== Problem to solve ==
Find the word "mechanical" in the listing below, then return every line it appears in.

(Provided information Opens)

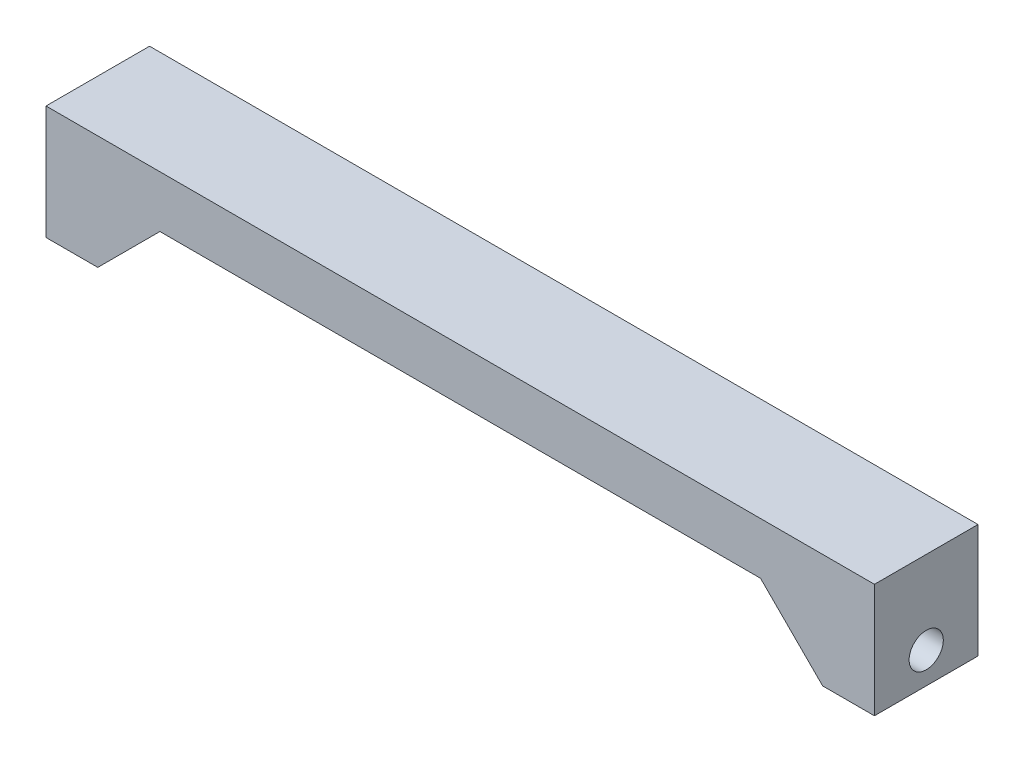
ISO-10303-21;
HEADER;
FILE_DESCRIPTION(('STEP AP214'),'2;1');
FILE_NAME('part.step','',(''),(''),'','','');
FILE_SCHEMA(('AUTOMOTIVE_DESIGN { 1 0 10303 214 1 1 1 1 }'));
ENDSEC;
DATA;
#1=APPLICATION_CONTEXT('core data for automotive mechanical design processes');
#2=APPLICATION_PROTOCOL_DEFINITION('international standard','automotive_design',2000,#1);
#3=PRODUCT_CONTEXT('',#1,'mechanical');
#4=PRODUCT('Part','Part','',(#3));
#5=PRODUCT_RELATED_PRODUCT_CATEGORY('part','',(#4));
#6=PRODUCT_DEFINITION_FORMATION('','',#4);
#7=PRODUCT_DEFINITION_CONTEXT('part definition',#1,'design');
#8=PRODUCT_DEFINITION('design','',#6,#7);
#9=PRODUCT_DEFINITION_SHAPE('','',#8);
#10=(LENGTH_UNIT() NAMED_UNIT(*) SI_UNIT(.MILLI.,.METRE.));
#11=(NAMED_UNIT(*) PLANE_ANGLE_UNIT() SI_UNIT($,.RADIAN.));
#12=(NAMED_UNIT(*) SI_UNIT($,.STERADIAN.) SOLID_ANGLE_UNIT());
#13=UNCERTAINTY_MEASURE_WITH_UNIT(LENGTH_MEASURE(1.E-05),#10,'distance_accuracy_value','');
#14=(GEOMETRIC_REPRESENTATION_CONTEXT(3) GLOBAL_UNCERTAINTY_ASSIGNED_CONTEXT((#13)) GLOBAL_UNIT_ASSIGNED_CONTEXT((#10,
#11,#12)) REPRESENTATION_CONTEXT('',''));
#15=CARTESIAN_POINT('',(0.,0.,0.));
#16=DIRECTION('',(0.,0.,1.));
#17=DIRECTION('',(1.,0.,0.));
#18=AXIS2_PLACEMENT_3D('',#15,#16,#17);
#19=CARTESIAN_POINT('',(35.,-5.00000000000001,10.));
#20=DIRECTION('',(0.,1.,0.));
#21=DIRECTION('',(0.,0.,1.));
#22=AXIS2_PLACEMENT_3D('',#19,#20,#21);
#23=PLANE('',#22);
#24=DIRECTION('',(-1.,0.,0.));
#25=VECTOR('',#24,1.);
#26=CARTESIAN_POINT('',(29.,-5.00000000000001,7.99999999999999));
#27=LINE('',#26,#25);
#28=CARTESIAN_POINT('',(35.,-5.00000000000001,7.99999999999999));
#29=VERTEX_POINT('',#28);
#30=CARTESIAN_POINT('',(29.,-5.00000000000001,7.99999999999999));
#31=VERTEX_POINT('',#30);
#32=EDGE_CURVE('E154',#29,#31,#27,.T.);
#33=ORIENTED_EDGE('',*,*,#32,.T.);
#34=DIRECTION('',(0.,0.,1.));
#35=VECTOR('',#34,1.);
#36=CARTESIAN_POINT('',(29.,-5.00000000000001,7.99999999999999));
#37=LINE('',#36,#35);
#38=CARTESIAN_POINT('',(29.,-5.00000000000001,9.99999999999999));
#39=VERTEX_POINT('',#38);
#40=EDGE_CURVE('E139',#31,#39,#37,.T.);
#41=ORIENTED_EDGE('',*,*,#40,.T.);
#42=DIRECTION('',(1.,0.,0.));
#43=VECTOR('',#42,1.);
#44=CARTESIAN_POINT('',(35.,-5.00000000000001,10.));
#45=LINE('',#44,#43);
#46=CARTESIAN_POINT('',(-29.,-5.00000000000001,9.99999999999999));
#47=VERTEX_POINT('',#46);
#48=EDGE_CURVE('E224',#47,#39,#45,.T.);
#49=ORIENTED_EDGE('',*,*,#48,.F.);
#50=DIRECTION('',(0.,0.,1.));
#51=VECTOR('',#50,1.);
#52=CARTESIAN_POINT('',(-29.,-5.00000000000001,7.99999999999999));
#53=LINE('',#52,#51);
#54=CARTESIAN_POINT('',(-29.,-5.00000000000001,7.99999999999999));
#55=VERTEX_POINT('',#54);
#56=EDGE_CURVE('E184',#55,#47,#53,.T.);
#57=ORIENTED_EDGE('',*,*,#56,.F.);
#58=DIRECTION('',(1.,0.,0.));
#59=VECTOR('',#58,1.);
#60=CARTESIAN_POINT('',(-29.,-5.00000000000001,7.99999999999999));
#61=LINE('',#60,#59);
#62=CARTESIAN_POINT('',(-35.,-5.00000000000001,7.99999999999999));
#63=VERTEX_POINT('',#62);
#64=EDGE_CURVE('E177',#63,#55,#61,.T.);
#65=ORIENTED_EDGE('',*,*,#64,.F.);
#66=DIRECTION('',(0.,0.,-1.));
#67=VECTOR('',#66,1.);
#68=CARTESIAN_POINT('',(-35.,-5.00000000000001,10.));
#69=LINE('',#68,#67);
#70=CARTESIAN_POINT('',(-35.,-5.00000000000001,2.));
#71=VERTEX_POINT('',#70);
#72=EDGE_CURVE('E257',#63,#71,#69,.T.);
#73=ORIENTED_EDGE('',*,*,#72,.T.);
#74=DIRECTION('',(1.,0.,0.));
#75=VECTOR('',#74,1.);
#76=CARTESIAN_POINT('',(-29.,-5.00000000000001,2.));
#77=LINE('',#76,#75);
#78=CARTESIAN_POINT('',(-29.,-5.00000000000001,2.));
#79=VERTEX_POINT('',#78);
#80=EDGE_CURVE('E189',#71,#79,#77,.T.);
#81=ORIENTED_EDGE('',*,*,#80,.T.);
#82=DIRECTION('',(0.,0.,-1.));
#83=VECTOR('',#82,1.);
#84=CARTESIAN_POINT('',(-29.,-5.00000000000001,2.));
#85=LINE('',#84,#83);
#86=CARTESIAN_POINT('',(-29.,-5.00000000000001,0.));
#87=VERTEX_POINT('',#86);
#88=EDGE_CURVE('E197',#79,#87,#85,.T.);
#89=ORIENTED_EDGE('',*,*,#88,.T.);
#90=DIRECTION('',(1.,0.,0.));
#91=VECTOR('',#90,1.);
#92=CARTESIAN_POINT('',(35.,-5.00000000000001,0.));
#93=LINE('',#92,#91);
#94=CARTESIAN_POINT('',(29.,-5.00000000000001,0.));
#95=VERTEX_POINT('',#94);
#96=EDGE_CURVE('E237',#87,#95,#93,.T.);
#97=ORIENTED_EDGE('',*,*,#96,.T.);
#98=DIRECTION('',(0.,0.,-1.));
#99=VECTOR('',#98,1.);
#100=CARTESIAN_POINT('',(29.,-5.00000000000001,2.));
#101=LINE('',#100,#99);
#102=CARTESIAN_POINT('',(29.,-5.00000000000001,2.));
#103=VERTEX_POINT('',#102);
#104=EDGE_CURVE('E52',#103,#95,#101,.T.);
#105=ORIENTED_EDGE('',*,*,#104,.F.);
#106=DIRECTION('',(-1.,0.,0.));
#107=VECTOR('',#106,1.);
#108=CARTESIAN_POINT('',(29.,-5.00000000000001,2.));
#109=LINE('',#108,#107);
#110=CARTESIAN_POINT('',(35.,-5.00000000000001,2.));
#111=VERTEX_POINT('',#110);
#112=EDGE_CURVE('E161',#111,#103,#109,.T.);
#113=ORIENTED_EDGE('',*,*,#112,.F.);
#114=DIRECTION('',(0.,0.,-1.));
#115=VECTOR('',#114,1.);
#116=CARTESIAN_POINT('',(35.,-5.00000000000001,10.));
#117=LINE('',#116,#115);
#118=EDGE_CURVE('E60',#29,#111,#117,.T.);
#119=ORIENTED_EDGE('',*,*,#118,.F.);
#120=EDGE_LOOP('',(#33,#41,#49,#57,#65,#73,#81,#89,#97,#105,#113,#119));
#121=FACE_BOUND('',#120,.T.);
#122=ADVANCED_FACE('F37',(#121),#23,.F.);
#123=CARTESIAN_POINT('',(-40.,-11.,10.));
#124=DIRECTION('',(1.,0.,0.));
#125=DIRECTION('',(0.,0.,-1.));
#126=AXIS2_PLACEMENT_3D('',#123,#124,#125);
#127=PLANE('',#126);
#128=CARTESIAN_POINT('',(-40.,-7.99999999999999,5.));
#129=DIRECTION('',(1.,0.,0.));
#130=DIRECTION('',(0.,1.,0.));
#131=AXIS2_PLACEMENT_3D('',#128,#129,#130);
#132=CIRCLE('',#131,1.65);
#133=CARTESIAN_POINT('',(-40.,-6.34999999999999,5.));
#134=VERTEX_POINT('',#133);
#135=EDGE_CURVE('E207',#134,#134,#132,.T.);
#136=ORIENTED_EDGE('',*,*,#135,.T.);
#137=EDGE_LOOP('',(#136));
#138=FACE_BOUND('',#137,.T.);
#139=DIRECTION('',(0.,-1.,0.));
#140=VECTOR('',#139,1.);
#141=CARTESIAN_POINT('',(-40.,-11.,0.));
#142=LINE('',#141,#140);
#143=CARTESIAN_POINT('',(-40.,0.,0.));
#144=VERTEX_POINT('',#143);
#145=CARTESIAN_POINT('',(-40.,-11.,0.));
#146=VERTEX_POINT('',#145);
#147=EDGE_CURVE('E216',#144,#146,#142,.T.);
#148=ORIENTED_EDGE('',*,*,#147,.T.);
#149=DIRECTION('',(0.,0.,-1.));
#150=VECTOR('',#149,1.);
#151=CARTESIAN_POINT('',(-40.,-11.,10.));
#152=LINE('',#151,#150);
#153=CARTESIAN_POINT('',(-40.,-11.,10.));
#154=VERTEX_POINT('',#153);
#155=EDGE_CURVE('E11',#154,#146,#152,.T.);
#156=ORIENTED_EDGE('',*,*,#155,.F.);
#157=DIRECTION('',(0.,-1.,0.));
#158=VECTOR('',#157,1.);
#159=CARTESIAN_POINT('',(-40.,-11.,10.));
#160=LINE('',#159,#158);
#161=CARTESIAN_POINT('',(-40.,0.,10.));
#162=VERTEX_POINT('',#161);
#163=EDGE_CURVE('E217',#162,#154,#160,.T.);
#164=ORIENTED_EDGE('',*,*,#163,.F.);
#165=DIRECTION('',(0.,0.,-1.));
#166=VECTOR('',#165,1.);
#167=CARTESIAN_POINT('',(-40.,0.,10.));
#168=LINE('',#167,#166);
#169=EDGE_CURVE('E232',#162,#144,#168,.T.);
#170=ORIENTED_EDGE('',*,*,#169,.T.);
#171=EDGE_LOOP('',(#148,#156,#164,#170));
#172=FACE_BOUND('',#171,.T.);
#173=ADVANCED_FACE('F39',(#138,#172),#127,.F.);
#174=CARTESIAN_POINT('',(-35.,-11.,10.));
#175=DIRECTION('',(0.,1.,0.));
#176=DIRECTION('',(-1.,0.,0.));
#177=AXIS2_PLACEMENT_3D('',#174,#175,#176);
#178=PLANE('',#177);
#179=DIRECTION('',(1.,0.,0.));
#180=VECTOR('',#179,1.);
#181=CARTESIAN_POINT('',(-35.,-11.,0.));
#182=LINE('',#181,#180);
#183=CARTESIAN_POINT('',(-35.,-11.,0.));
#184=VERTEX_POINT('',#183);
#185=EDGE_CURVE('E235',#146,#184,#182,.T.);
#186=ORIENTED_EDGE('',*,*,#185,.T.);
#187=DIRECTION('',(0.,0.,-1.));
#188=VECTOR('',#187,1.);
#189=CARTESIAN_POINT('',(-35.,-11.,2.));
#190=LINE('',#189,#188);
#191=CARTESIAN_POINT('',(-35.,-11.,2.));
#192=VERTEX_POINT('',#191);
#193=EDGE_CURVE('E200',#192,#184,#190,.T.);
#194=ORIENTED_EDGE('',*,*,#193,.F.);
#195=DIRECTION('',(0.,0.,-1.));
#196=VECTOR('',#195,1.);
#197=CARTESIAN_POINT('',(-35.,-11.,10.));
#198=LINE('',#197,#196);
#199=CARTESIAN_POINT('',(-35.,-11.,7.99999999999999));
#200=VERTEX_POINT('',#199);
#201=EDGE_CURVE('E258',#200,#192,#198,.T.);
#202=ORIENTED_EDGE('',*,*,#201,.F.);
#203=CARTESIAN_POINT('',(-35.,-11.,9.99999999999999));
#204=VERTEX_POINT('',#203);
#205=EDGE_CURVE('E45',#204,#200,#198,.T.);
#206=ORIENTED_EDGE('',*,*,#205,.F.);
#207=DIRECTION('',(1.,0.,0.));
#208=VECTOR('',#207,1.);
#209=CARTESIAN_POINT('',(-35.,-11.,10.));
#210=LINE('',#209,#208);
#211=EDGE_CURVE('E220',#154,#204,#210,.T.);
#212=ORIENTED_EDGE('',*,*,#211,.F.);
#213=ORIENTED_EDGE('',*,*,#155,.T.);
#214=EDGE_LOOP('',(#186,#194,#202,#206,#212,#213));
#215=FACE_BOUND('',#214,.T.);
#216=ADVANCED_FACE('F271',(#215),#178,.F.);
#217=CARTESIAN_POINT('',(-35.,-5.00000000000001,10.));
#218=DIRECTION('',(-1.,0.,0.));
#219=DIRECTION('',(0.,0.,1.));
#220=AXIS2_PLACEMENT_3D('',#217,#218,#219);
#221=PLANE('',#220);
#222=CARTESIAN_POINT('',(-35.,-8.,5.));
#223=DIRECTION('',(-1.,0.,0.));
#224=DIRECTION('',(0.,0.,1.));
#225=AXIS2_PLACEMENT_3D('',#222,#223,#224);
#226=CIRCLE('',#225,1.65);
#227=CARTESIAN_POINT('',(-35.,-8.,6.65));
#228=VERTEX_POINT('',#227);
#229=EDGE_CURVE('E213',#228,#228,#226,.T.);
#230=ORIENTED_EDGE('',*,*,#229,.T.);
#231=EDGE_LOOP('',(#230));
#232=FACE_BOUND('',#231,.T.);
#233=ORIENTED_EDGE('',*,*,#72,.F.);
#234=DIRECTION('',(0.,1.,0.));
#235=VECTOR('',#234,1.);
#236=CARTESIAN_POINT('',(-35.,-5.00000000000001,7.99999999999999));
#237=LINE('',#236,#235);
#238=EDGE_CURVE('E180',#200,#63,#237,.T.);
#239=ORIENTED_EDGE('',*,*,#238,.F.);
#240=ORIENTED_EDGE('',*,*,#201,.T.);
#241=DIRECTION('',(0.,1.,0.));
#242=VECTOR('',#241,1.);
#243=CARTESIAN_POINT('',(-35.,-5.00000000000001,2.));
#244=LINE('',#243,#242);
#245=EDGE_CURVE('E194',#192,#71,#244,.T.);
#246=ORIENTED_EDGE('',*,*,#245,.T.);
#247=EDGE_LOOP('',(#233,#239,#240,#246));
#248=FACE_BOUND('',#247,.T.);
#249=ADVANCED_FACE('F267',(#232,#248),#221,.F.);
#250=CARTESIAN_POINT('',(35.,-11.,10.));
#251=DIRECTION('',(1.,0.,0.));
#252=DIRECTION('',(0.,0.,-1.));
#253=AXIS2_PLACEMENT_3D('',#250,#251,#252);
#254=PLANE('',#253);
#255=CARTESIAN_POINT('',(35.,-8.00000000000004,5.));
#256=DIRECTION('',(1.,0.,0.));
#257=DIRECTION('',(0.,0.,-1.));
#258=AXIS2_PLACEMENT_3D('',#255,#256,#257);
#259=CIRCLE('',#258,1.65);
#260=CARTESIAN_POINT('',(35.,-8.00000000000004,3.35));
#261=VERTEX_POINT('',#260);
#262=EDGE_CURVE('E210',#261,#261,#259,.T.);
#263=ORIENTED_EDGE('',*,*,#262,.T.);
#264=EDGE_LOOP('',(#263));
#265=FACE_BOUND('',#264,.T.);
#266=DIRECTION('',(0.,0.,-1.));
#267=VECTOR('',#266,1.);
#268=CARTESIAN_POINT('',(35.,-11.,10.));
#269=LINE('',#268,#267);
#270=CARTESIAN_POINT('',(35.,-11.,7.99999999999999));
#271=VERTEX_POINT('',#270);
#272=CARTESIAN_POINT('',(35.,-11.,2.));
#273=VERTEX_POINT('',#272);
#274=EDGE_CURVE('E252',#271,#273,#269,.T.);
#275=ORIENTED_EDGE('',*,*,#274,.F.);
#276=DIRECTION('',(0.,1.,0.));
#277=VECTOR('',#276,1.);
#278=CARTESIAN_POINT('',(35.,-5.00000000000001,7.99999999999999));
#279=LINE('',#278,#277);
#280=EDGE_CURVE('E150',#271,#29,#279,.T.);
#281=ORIENTED_EDGE('',*,*,#280,.T.);
#282=ORIENTED_EDGE('',*,*,#118,.T.);
#283=DIRECTION('',(0.,1.,0.));
#284=VECTOR('',#283,1.);
#285=CARTESIAN_POINT('',(35.,-5.00000000000001,2.));
#286=LINE('',#285,#284);
#287=EDGE_CURVE('E164',#273,#111,#286,.T.);
#288=ORIENTED_EDGE('',*,*,#287,.F.);
#289=EDGE_LOOP('',(#275,#281,#282,#288));
#290=FACE_BOUND('',#289,.T.);
#291=ADVANCED_FACE('F302',(#265,#290),#254,.F.);
#292=CARTESIAN_POINT('',(40.,-11.,10.));
#293=DIRECTION('',(0.,1.,0.));
#294=DIRECTION('',(-1.,0.,0.));
#295=AXIS2_PLACEMENT_3D('',#292,#293,#294);
#296=PLANE('',#295);
#297=DIRECTION('',(1.,0.,0.));
#298=VECTOR('',#297,1.);
#299=CARTESIAN_POINT('',(40.,-11.,0.));
#300=LINE('',#299,#298);
#301=CARTESIAN_POINT('',(35.,-11.,0.));
#302=VERTEX_POINT('',#301);
#303=CARTESIAN_POINT('',(40.,-11.,0.));
#304=VERTEX_POINT('',#303);
#305=EDGE_CURVE('E239',#302,#304,#300,.T.);
#306=ORIENTED_EDGE('',*,*,#305,.T.);
#307=DIRECTION('',(0.,0.,-1.));
#308=VECTOR('',#307,1.);
#309=CARTESIAN_POINT('',(40.,-11.,10.));
#310=LINE('',#309,#308);
#311=CARTESIAN_POINT('',(40.,-11.,10.));
#312=VERTEX_POINT('',#311);
#313=EDGE_CURVE('E249',#312,#304,#310,.T.);
#314=ORIENTED_EDGE('',*,*,#313,.F.);
#315=DIRECTION('',(1.,0.,0.));
#316=VECTOR('',#315,1.);
#317=CARTESIAN_POINT('',(40.,-11.,10.));
#318=LINE('',#317,#316);
#319=CARTESIAN_POINT('',(35.,-11.,10.));
#320=VERTEX_POINT('',#319);
#321=EDGE_CURVE('E226',#320,#312,#318,.T.);
#322=ORIENTED_EDGE('',*,*,#321,.F.);
#323=EDGE_CURVE('E253',#320,#271,#269,.T.);
#324=ORIENTED_EDGE('',*,*,#323,.T.);
#325=ORIENTED_EDGE('',*,*,#274,.T.);
#326=DIRECTION('',(0.,0.,-1.));
#327=VECTOR('',#326,1.);
#328=CARTESIAN_POINT('',(35.,-11.,2.));
#329=LINE('',#328,#327);
#330=EDGE_CURVE('E170',#273,#302,#329,.T.);
#331=ORIENTED_EDGE('',*,*,#330,.T.);
#332=EDGE_LOOP('',(#306,#314,#322,#324,#325,#331));
#333=FACE_BOUND('',#332,.T.);
#334=ADVANCED_FACE('F305',(#333),#296,.F.);
#335=CARTESIAN_POINT('',(40.,0.,10.));
#336=DIRECTION('',(-1.,0.,0.));
#337=DIRECTION('',(0.,0.,1.));
#338=AXIS2_PLACEMENT_3D('',#335,#336,#337);
#339=PLANE('',#338);
#340=CARTESIAN_POINT('',(40.,-8.00000000000004,5.));
#341=DIRECTION('',(1.,0.,0.));
#342=DIRECTION('',(0.,1.,0.));
#343=AXIS2_PLACEMENT_3D('',#340,#341,#342);
#344=CIRCLE('',#343,1.65);
#345=CARTESIAN_POINT('',(40.,-6.35000000000004,5.));
#346=VERTEX_POINT('',#345);
#347=EDGE_CURVE('E203',#346,#346,#344,.T.);
#348=ORIENTED_EDGE('',*,*,#347,.F.);
#349=EDGE_LOOP('',(#348));
#350=FACE_BOUND('',#349,.T.);
#351=DIRECTION('',(0.,1.,0.));
#352=VECTOR('',#351,1.);
#353=CARTESIAN_POINT('',(40.,0.,0.));
#354=LINE('',#353,#352);
#355=CARTESIAN_POINT('',(40.,0.,0.));
#356=VERTEX_POINT('',#355);
#357=EDGE_CURVE('E241',#304,#356,#354,.T.);
#358=ORIENTED_EDGE('',*,*,#357,.T.);
#359=DIRECTION('',(0.,0.,-1.));
#360=VECTOR('',#359,1.);
#361=CARTESIAN_POINT('',(40.,0.,10.));
#362=LINE('',#361,#360);
#363=CARTESIAN_POINT('',(40.,0.,10.));
#364=VERTEX_POINT('',#363);
#365=EDGE_CURVE('E246',#364,#356,#362,.T.);
#366=ORIENTED_EDGE('',*,*,#365,.F.);
#367=DIRECTION('',(0.,1.,0.));
#368=VECTOR('',#367,1.);
#369=CARTESIAN_POINT('',(40.,0.,10.));
#370=LINE('',#369,#368);
#371=EDGE_CURVE('E228',#312,#364,#370,.T.);
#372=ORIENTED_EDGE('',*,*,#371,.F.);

(Provided information Closes)

== Written response ==
#1=APPLICATION_CONTEXT('core data for automotive mechanical design processes');
#3=PRODUCT_CONTEXT('',#1,'mechanical');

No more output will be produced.